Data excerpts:
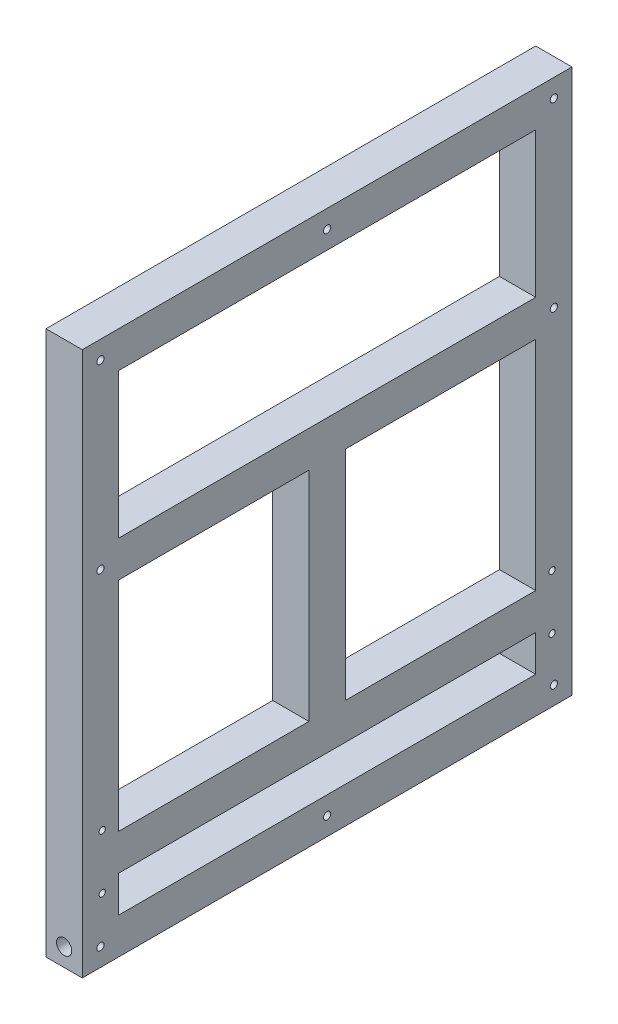
SolidWorks part; units mm, degrees
ref_plane "Front Plane" through (0, 0, 0) normal (0, 0, 1) x (1, 0, 0)
ref_plane "Top Plane" through (0, 0, 0) normal (0, 1, 0) x (1, 0, 0)
ref_plane "Right Plane" through (0, 0, 0) normal (1, 0, 0) x (0, 0, -1)
sketch "Sketch3" plane through (0, 0, 0) normal (0, 1, 0) x (1, 0, 0)
  line L1 (0, 0) -> (20, 0)
  line L2 (0, 0) -> (0, 20)
  line L3 (0, 20) -> (20, 20)
  line L4 (20, 0) -> (20, 20)
extrude "Boss-Extrude1" add sketch "Sketch3" along normal blind 300
sketch "Sketch5" plane through (0, 0, -20) normal (0, 0, -1) x (-1, 0, 0)
  line L0 (0, 300) -> (0, 0) construction
  line L1 (-20, 0) -> (0, 0)
  line L2 (-20, 0) -> (-20, 20)
  line L3 (-20, 20) -> (0, 20)
  line L4 (0, 0) -> (0, 20)
  line L7 (-20, 280) -> (0, 280)
  line L8 (0, 300) -> (0, 280)
  line L9 (-20, 300) -> (0, 300)
  line L10 (-20, 300) -> (-20, 280)
extrude "Boss-Extrude4" add sketch "Sketch5" along normal blind 250
sketch "Sketch8" plane through (0, 20, 0) normal (0, 1, 0) x (1, 0, 0)
  line L0 (0, 270) -> (0, 20) construction
  line L1 (20, 270) -> (0, 270)
  line L2 (20, 270) -> (20, 250)
  line L3 (20, 250) -> (0, 250)
  line L4 (0, 270) -> (0, 250)
extrude "Boss-Extrude5" add sketch "Sketch8" along normal blind 260
sketch "Sketch13" plane through (0, 0, 0) normal (-1, 0, 0) x (0, 0, 1)
  line L0 (-250, 40) -> (-250, 60)
  line L1 (-250, 280) -> (-250, 20) construction
  line L2 (-250, 60) -> (-20, 60)
  line L4 (-20, 280) -> (-20, 20) construction
  line L5 (-20, 60) -> (-20, 40)
  line L6 (-20, 40) -> (-250, 40)
extrude "Boss-Extrude7" add sketch "Sketch13" against normal blind 20
sketch "Sketch14" plane through (20, 0, 0) normal (1, 0, 0) x (0, 0, -1)
  line L1 (20, 280) -> (20, 60) construction
  line L2 (20, 200) -> (125, 200)
  line L3 (250, 280) -> (250, 60) construction
  line L4 (250, 200) -> (250, 180)
  line L5 (250, 180) -> (145, 180)
  line L6 (20, 180) -> (20, 200)
  line L7 (250, 20) -> (20, 20) construction
  line L8 (250, 280) -> (20, 280) construction
  line L9 (125, 280) -> (145, 280)
  line L11 (145, 20) -> (125, 20)
  line L13 (145, 200) -> (250, 200)
  line L14 (125, 180) -> (20, 180)
  line L17 (125, 200) -> (145, 200)
  line L18 (145, 180) -> (125, 180)
  line M11 (20, 60) -> (20, 280)
  line M13 (250, 280) -> (250, 60)
extrude "Boss-Extrude8" add sketch "Sketch14" against normal blind 20 contours L18 L5 L13 L17 L2 L14 M13 M11
sketch "Sketch15" plane through (20, 0, 0) normal (1, 0, 0) x (0, 0, -1)
  line L1 (250, 180) -> (20, 180) construction
  line L2 (20, 60) -> (250, 60) construction
  line L3 (125, 60) -> (145, 60)
  line L4 (145, 60) -> (145, 180)
  line L5 (145, 180) -> (125, 180)
  line L6 (125, 60) -> (125, 180)
extrude "Boss-Extrude9" add sketch "Sketch15" against normal blind 20
sketch "Sketch16" plane through (20, 0, 0) normal (1, 0, 0) x (0, 0, -1)
  circle A0 centre (10, 290) radius 2
  circle A1 centre (10, 190) radius 2
  circle A2 centre (10, 10) radius 2
  circle A3 centre (135, 10) radius 2
  circle A4 centre (135, 290) radius 2
  circle A5 centre (260, 10) radius 2
  circle A6 centre (260, 190) radius 2
  circle A7 centre (260, 290) radius 2
extrude "Cut-Extrude1" cut sketch "Sketch16" against normal blind 20
sketch "Sketch17" plane through (0, 0, -270) normal (0, 0, -1) x (-1, 0, 0)
  circle A0 centre (-10, 10) radius 4.2
extrude "Cut-Extrude2" cut sketch "Sketch17" against normal blind 270
sketch "Sketch19" plane through (20, 0, 0) normal (1, 0, 0) x (0, 0, -1)
  circle A0 centre (11, 35) radius 1.75
  circle A1 centre (11, 65) radius 1.75
  circle A2 centre (259, 35) radius 1.75
  circle A3 centre (259, 65) radius 1.75
extrude "Cut-Extrude3" cut sketch "Sketch19" against normal blind 78

### [Task requirements]
Copy out, word for word, the part of the entries above that begins at the line with "line L9 (-20, 300) -> (0, 300)" and ends at the line with "line L3 (20, 250) -> (0, 250)", including both.

### [Solution to this problem]
  line L9 (-20, 300) -> (0, 300)
  line L10 (-20, 300) -> (-20, 280)
extrude "Boss-Extrude4" add sketch "Sketch5" along normal blind 250
sketch "Sketch8" plane through (0, 20, 0) normal (0, 1, 0) x (1, 0, 0)
  line L0 (0, 270) -> (0, 20) construction
  line L1 (20, 270) -> (0, 270)
  line L2 (20, 270) -> (20, 250)
  line L3 (20, 250) -> (0, 250)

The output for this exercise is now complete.